(INSTRUCTIONS TO FOLLOW):
Scan the material and copy out each line where the word "Plane" occurs.

★ ★ ★ ★ ★

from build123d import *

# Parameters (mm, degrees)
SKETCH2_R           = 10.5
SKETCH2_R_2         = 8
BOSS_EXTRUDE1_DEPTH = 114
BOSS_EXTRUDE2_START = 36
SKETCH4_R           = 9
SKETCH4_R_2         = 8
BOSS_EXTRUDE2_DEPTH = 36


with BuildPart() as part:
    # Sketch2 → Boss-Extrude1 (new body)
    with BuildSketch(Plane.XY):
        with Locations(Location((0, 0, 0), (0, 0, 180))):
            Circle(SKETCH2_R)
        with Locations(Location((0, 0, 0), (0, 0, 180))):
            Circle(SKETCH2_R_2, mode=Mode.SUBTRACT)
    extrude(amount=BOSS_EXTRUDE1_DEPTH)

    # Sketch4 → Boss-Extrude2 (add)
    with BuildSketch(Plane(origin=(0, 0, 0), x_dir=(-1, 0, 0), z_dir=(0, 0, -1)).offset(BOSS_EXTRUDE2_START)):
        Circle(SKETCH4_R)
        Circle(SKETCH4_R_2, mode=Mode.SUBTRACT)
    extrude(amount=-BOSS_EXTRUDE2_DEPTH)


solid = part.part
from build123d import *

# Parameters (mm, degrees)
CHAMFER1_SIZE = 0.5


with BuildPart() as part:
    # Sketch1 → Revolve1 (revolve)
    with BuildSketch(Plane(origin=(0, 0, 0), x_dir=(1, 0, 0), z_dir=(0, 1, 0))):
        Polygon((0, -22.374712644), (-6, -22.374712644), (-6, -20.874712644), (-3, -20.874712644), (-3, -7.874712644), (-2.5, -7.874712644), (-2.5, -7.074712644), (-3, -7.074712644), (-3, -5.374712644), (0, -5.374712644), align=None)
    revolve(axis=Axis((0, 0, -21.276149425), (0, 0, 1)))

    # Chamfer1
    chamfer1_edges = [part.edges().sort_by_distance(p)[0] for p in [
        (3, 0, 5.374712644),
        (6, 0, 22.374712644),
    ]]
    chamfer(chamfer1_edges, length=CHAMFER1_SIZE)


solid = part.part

★ ★ ★ ★ ★

(EXERCISE RESPONSE):
    with BuildSketch(Plane.XY):
    with BuildSketch(Plane(origin=(0, 0, 0), x_dir=(-1, 0, 0), z_dir=(0, 0, -1)).offset(BOSS_EXTRUDE2_START)):
    with BuildSketch(Plane(origin=(0, 0, 0), x_dir=(1, 0, 0), z_dir=(0, 1, 0))):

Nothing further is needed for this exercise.